(Source records)
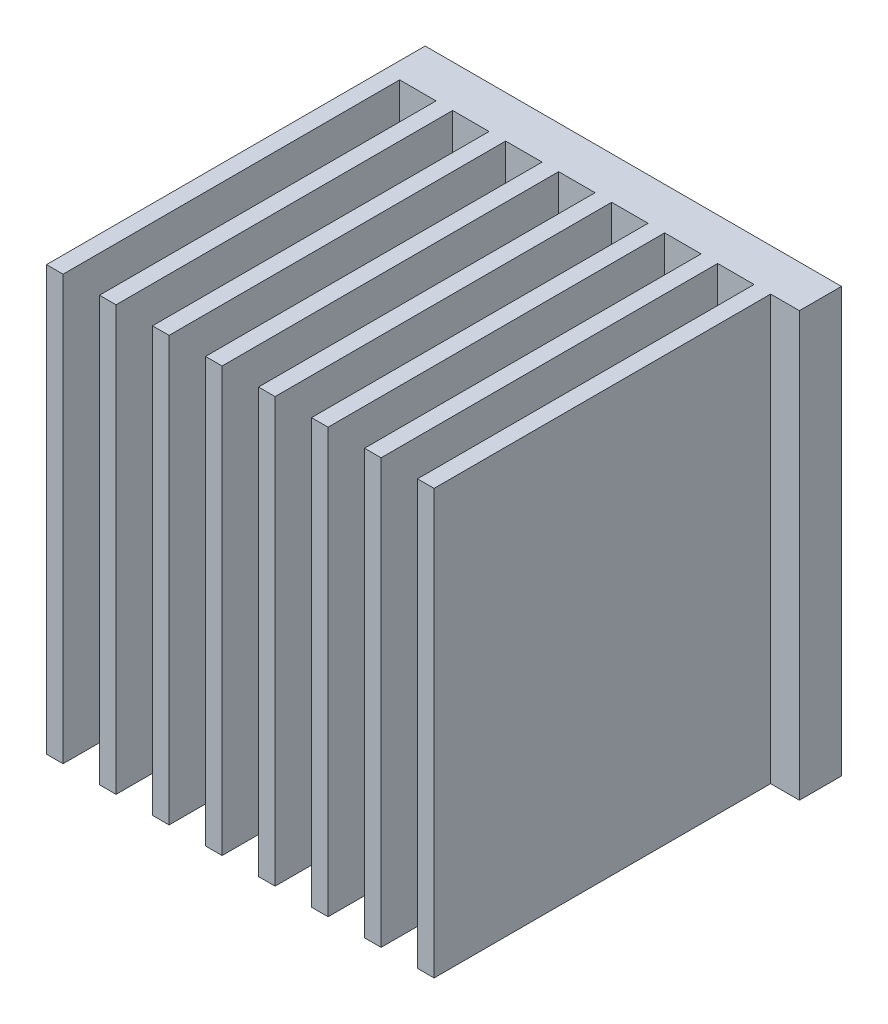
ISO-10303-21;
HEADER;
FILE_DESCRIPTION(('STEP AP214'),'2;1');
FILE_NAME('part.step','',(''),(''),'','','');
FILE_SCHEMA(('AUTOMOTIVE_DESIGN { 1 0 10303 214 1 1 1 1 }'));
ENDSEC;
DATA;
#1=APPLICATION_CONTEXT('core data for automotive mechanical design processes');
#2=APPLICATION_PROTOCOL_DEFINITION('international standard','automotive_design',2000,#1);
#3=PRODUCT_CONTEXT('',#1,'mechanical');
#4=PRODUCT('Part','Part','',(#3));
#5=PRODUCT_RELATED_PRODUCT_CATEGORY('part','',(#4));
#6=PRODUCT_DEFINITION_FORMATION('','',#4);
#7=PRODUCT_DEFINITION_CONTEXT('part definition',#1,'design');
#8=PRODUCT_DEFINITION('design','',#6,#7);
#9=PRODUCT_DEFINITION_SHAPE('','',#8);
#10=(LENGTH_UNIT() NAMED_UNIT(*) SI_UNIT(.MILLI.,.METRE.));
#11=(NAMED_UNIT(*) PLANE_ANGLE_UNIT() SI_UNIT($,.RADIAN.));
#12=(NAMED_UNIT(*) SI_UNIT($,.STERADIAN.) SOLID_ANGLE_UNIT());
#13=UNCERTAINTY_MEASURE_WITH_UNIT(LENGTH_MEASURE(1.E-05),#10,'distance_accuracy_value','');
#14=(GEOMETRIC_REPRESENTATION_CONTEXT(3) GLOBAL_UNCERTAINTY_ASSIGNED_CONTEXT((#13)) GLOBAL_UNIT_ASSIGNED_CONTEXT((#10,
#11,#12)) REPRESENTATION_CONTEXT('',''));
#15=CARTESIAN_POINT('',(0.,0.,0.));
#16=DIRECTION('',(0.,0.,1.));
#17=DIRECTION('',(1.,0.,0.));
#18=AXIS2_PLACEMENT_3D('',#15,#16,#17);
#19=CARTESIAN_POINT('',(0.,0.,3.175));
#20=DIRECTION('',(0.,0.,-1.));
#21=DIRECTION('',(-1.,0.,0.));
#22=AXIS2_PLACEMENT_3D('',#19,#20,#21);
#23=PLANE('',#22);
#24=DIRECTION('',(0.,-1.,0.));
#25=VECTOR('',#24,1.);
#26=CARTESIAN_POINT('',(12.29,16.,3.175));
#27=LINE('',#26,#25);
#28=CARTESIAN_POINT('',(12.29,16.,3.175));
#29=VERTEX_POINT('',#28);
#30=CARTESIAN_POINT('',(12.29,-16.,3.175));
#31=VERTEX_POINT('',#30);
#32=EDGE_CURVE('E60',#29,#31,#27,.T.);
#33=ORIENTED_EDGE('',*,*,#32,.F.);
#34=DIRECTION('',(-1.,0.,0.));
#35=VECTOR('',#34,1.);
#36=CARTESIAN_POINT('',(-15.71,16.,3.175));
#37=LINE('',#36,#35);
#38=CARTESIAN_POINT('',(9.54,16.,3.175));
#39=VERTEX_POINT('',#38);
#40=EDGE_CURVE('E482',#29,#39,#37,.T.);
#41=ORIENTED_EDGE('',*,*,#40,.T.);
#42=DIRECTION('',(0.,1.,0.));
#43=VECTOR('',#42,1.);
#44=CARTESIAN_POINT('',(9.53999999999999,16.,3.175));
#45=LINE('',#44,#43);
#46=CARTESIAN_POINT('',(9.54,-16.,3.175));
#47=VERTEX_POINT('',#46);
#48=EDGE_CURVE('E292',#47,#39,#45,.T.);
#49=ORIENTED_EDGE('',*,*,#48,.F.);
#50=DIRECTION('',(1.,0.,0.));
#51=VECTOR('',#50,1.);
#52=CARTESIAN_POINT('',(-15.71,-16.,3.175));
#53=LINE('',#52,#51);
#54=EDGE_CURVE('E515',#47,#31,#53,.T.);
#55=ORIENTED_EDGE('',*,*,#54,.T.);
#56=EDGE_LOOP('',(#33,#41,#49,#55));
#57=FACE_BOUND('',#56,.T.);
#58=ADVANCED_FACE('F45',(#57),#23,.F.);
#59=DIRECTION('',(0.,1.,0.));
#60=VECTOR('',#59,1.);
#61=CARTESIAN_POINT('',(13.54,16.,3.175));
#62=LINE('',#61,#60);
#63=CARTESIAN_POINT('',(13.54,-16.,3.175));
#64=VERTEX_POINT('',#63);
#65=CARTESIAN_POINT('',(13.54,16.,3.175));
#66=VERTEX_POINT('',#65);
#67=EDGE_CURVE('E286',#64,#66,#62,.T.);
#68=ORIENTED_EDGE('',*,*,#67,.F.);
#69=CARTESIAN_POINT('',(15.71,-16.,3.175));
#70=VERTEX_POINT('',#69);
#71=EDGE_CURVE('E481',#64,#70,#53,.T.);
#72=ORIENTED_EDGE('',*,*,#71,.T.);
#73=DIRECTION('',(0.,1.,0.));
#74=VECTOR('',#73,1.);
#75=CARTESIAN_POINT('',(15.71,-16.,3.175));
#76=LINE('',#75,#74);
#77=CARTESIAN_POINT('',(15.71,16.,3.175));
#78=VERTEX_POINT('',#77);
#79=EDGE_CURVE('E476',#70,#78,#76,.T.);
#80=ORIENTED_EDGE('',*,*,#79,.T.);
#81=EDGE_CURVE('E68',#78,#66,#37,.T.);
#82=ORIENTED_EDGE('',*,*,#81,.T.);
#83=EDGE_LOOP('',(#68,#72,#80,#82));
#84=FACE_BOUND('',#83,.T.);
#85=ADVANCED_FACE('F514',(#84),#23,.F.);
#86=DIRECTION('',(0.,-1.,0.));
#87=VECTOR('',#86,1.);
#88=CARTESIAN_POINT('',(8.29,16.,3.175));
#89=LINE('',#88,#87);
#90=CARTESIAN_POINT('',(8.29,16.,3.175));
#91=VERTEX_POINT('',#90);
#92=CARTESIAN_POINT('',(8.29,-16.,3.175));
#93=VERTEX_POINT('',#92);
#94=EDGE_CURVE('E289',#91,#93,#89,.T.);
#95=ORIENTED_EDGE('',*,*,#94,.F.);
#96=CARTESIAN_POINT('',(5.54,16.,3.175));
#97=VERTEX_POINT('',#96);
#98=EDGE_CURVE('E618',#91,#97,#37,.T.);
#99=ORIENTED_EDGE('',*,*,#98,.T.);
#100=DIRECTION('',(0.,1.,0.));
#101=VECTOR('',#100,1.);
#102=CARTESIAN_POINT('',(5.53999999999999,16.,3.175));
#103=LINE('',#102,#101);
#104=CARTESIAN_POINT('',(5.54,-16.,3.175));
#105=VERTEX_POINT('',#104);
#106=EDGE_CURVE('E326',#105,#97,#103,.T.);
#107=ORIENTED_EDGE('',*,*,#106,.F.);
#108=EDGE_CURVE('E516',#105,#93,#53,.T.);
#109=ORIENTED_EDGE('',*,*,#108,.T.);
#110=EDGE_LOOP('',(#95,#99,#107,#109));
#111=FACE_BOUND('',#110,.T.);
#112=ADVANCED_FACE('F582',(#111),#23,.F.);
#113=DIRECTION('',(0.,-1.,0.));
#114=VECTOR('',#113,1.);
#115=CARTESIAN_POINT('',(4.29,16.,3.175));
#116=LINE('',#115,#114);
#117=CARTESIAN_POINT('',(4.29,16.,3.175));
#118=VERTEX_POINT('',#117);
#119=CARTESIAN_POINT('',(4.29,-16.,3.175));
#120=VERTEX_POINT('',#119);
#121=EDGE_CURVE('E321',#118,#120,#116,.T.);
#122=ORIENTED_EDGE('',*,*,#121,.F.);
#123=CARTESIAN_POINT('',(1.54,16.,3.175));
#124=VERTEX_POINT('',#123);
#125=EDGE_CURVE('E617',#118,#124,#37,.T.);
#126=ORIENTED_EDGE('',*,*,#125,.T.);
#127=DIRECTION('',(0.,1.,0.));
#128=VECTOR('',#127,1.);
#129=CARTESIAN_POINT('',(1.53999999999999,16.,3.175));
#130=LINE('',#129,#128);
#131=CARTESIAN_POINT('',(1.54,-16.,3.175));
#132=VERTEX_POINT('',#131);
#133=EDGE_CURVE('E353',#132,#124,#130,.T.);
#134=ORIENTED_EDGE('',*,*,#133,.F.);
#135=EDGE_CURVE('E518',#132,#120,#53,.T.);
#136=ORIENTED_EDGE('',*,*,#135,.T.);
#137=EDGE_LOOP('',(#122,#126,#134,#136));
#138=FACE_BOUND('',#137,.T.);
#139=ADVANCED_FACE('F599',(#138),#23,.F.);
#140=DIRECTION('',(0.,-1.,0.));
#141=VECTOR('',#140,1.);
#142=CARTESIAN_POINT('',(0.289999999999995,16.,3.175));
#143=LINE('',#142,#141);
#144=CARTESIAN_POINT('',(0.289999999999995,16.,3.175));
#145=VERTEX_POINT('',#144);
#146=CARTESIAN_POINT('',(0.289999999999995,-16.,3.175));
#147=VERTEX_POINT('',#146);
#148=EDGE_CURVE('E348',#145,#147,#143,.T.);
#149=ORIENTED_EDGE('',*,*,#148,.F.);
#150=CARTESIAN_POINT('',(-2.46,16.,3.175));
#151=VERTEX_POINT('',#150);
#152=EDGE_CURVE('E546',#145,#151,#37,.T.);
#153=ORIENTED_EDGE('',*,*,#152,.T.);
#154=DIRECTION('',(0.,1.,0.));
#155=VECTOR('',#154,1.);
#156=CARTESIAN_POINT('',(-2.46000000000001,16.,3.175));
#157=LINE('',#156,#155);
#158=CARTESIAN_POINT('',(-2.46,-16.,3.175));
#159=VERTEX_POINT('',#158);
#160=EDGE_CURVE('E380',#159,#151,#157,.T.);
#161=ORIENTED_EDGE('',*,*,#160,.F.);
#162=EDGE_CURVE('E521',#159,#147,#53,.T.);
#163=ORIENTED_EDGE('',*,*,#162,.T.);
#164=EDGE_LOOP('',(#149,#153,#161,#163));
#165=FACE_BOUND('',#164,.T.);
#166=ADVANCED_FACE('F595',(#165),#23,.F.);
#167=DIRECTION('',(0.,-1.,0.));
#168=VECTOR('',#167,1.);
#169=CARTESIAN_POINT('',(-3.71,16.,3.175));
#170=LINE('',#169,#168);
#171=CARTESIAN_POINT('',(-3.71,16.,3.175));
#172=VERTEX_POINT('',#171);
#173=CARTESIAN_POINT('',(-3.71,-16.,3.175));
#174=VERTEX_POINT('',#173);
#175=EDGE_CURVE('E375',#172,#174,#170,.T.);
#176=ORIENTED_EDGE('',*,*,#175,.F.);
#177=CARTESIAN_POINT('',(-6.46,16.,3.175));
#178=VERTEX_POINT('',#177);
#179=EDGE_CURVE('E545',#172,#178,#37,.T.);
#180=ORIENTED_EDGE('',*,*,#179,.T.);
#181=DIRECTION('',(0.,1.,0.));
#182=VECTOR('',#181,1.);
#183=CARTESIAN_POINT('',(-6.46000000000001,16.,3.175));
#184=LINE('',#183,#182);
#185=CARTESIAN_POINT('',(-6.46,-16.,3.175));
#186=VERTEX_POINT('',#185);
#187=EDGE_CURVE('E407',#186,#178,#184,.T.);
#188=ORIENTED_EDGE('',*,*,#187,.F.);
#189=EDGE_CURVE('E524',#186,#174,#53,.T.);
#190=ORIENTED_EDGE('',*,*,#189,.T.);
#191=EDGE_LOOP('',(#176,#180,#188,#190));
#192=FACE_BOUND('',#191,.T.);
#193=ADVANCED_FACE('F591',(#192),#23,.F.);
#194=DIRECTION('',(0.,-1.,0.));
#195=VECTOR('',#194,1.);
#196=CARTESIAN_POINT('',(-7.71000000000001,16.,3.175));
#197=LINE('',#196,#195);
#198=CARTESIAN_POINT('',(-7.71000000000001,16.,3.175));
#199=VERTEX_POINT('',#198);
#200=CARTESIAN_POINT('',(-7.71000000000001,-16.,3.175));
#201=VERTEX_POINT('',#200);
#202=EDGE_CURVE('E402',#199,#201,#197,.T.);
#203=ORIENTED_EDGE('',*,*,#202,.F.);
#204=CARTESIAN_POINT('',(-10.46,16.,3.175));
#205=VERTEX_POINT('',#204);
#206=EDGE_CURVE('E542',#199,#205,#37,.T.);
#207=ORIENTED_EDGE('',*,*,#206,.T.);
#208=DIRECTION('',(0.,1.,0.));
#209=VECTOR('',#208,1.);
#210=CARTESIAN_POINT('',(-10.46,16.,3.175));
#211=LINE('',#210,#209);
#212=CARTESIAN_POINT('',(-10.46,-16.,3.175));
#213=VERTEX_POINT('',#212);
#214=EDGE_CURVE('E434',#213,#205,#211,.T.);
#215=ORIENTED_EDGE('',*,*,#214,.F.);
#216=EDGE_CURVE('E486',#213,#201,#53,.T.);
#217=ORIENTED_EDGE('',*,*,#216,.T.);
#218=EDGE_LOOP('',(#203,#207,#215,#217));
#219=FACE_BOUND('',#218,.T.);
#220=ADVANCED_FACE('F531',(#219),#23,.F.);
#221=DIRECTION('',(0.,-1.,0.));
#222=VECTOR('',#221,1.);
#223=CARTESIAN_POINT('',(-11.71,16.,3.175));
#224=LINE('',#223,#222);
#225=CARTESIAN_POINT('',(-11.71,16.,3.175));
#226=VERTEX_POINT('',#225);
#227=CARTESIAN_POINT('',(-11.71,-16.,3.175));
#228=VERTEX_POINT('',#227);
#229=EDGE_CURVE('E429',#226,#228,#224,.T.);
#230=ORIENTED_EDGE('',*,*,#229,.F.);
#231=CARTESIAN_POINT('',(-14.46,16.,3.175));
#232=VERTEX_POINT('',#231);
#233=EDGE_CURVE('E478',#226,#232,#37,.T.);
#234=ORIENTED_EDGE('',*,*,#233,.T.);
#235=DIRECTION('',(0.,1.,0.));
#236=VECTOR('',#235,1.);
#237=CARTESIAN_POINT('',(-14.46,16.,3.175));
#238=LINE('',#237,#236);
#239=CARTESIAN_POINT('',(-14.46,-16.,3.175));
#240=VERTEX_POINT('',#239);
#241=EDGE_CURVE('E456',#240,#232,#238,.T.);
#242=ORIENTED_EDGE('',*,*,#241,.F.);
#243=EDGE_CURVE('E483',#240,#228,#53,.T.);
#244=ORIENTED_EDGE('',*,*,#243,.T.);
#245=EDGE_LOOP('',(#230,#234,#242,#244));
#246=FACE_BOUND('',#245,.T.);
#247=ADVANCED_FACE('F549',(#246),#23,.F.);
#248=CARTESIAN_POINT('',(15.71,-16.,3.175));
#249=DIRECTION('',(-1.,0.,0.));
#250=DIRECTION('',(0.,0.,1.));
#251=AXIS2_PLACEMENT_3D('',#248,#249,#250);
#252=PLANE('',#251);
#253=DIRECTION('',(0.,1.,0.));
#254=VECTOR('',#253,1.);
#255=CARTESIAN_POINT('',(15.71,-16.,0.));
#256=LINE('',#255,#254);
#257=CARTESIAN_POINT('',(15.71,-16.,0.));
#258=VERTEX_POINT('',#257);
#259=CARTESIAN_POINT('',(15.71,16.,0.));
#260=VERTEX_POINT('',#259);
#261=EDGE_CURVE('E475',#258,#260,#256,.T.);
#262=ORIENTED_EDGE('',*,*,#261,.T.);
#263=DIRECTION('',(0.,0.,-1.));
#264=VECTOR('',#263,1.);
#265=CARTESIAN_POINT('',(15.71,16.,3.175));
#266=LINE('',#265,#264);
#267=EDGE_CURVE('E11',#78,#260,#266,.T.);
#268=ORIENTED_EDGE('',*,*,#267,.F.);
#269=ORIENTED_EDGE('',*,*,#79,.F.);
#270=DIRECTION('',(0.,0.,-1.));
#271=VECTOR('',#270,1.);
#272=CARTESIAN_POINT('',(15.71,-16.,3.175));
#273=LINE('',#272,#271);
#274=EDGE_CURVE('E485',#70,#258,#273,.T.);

**YOUR ASSIGNMENT:** Return exactly the lines above from the line that has "#192=FACE_BOUND('',#191,.T.);" through the line that has "#197=LINE('',#196,#195);", inclusive, and nothing else.

**ANSWER TO THE PROBLEM:**
#192=FACE_BOUND('',#191,.T.);
#193=ADVANCED_FACE('F591',(#192),#23,.F.);
#194=DIRECTION('',(0.,-1.,0.));
#195=VECTOR('',#194,1.);
#196=CARTESIAN_POINT('',(-7.71000000000001,16.,3.175));
#197=LINE('',#196,#195);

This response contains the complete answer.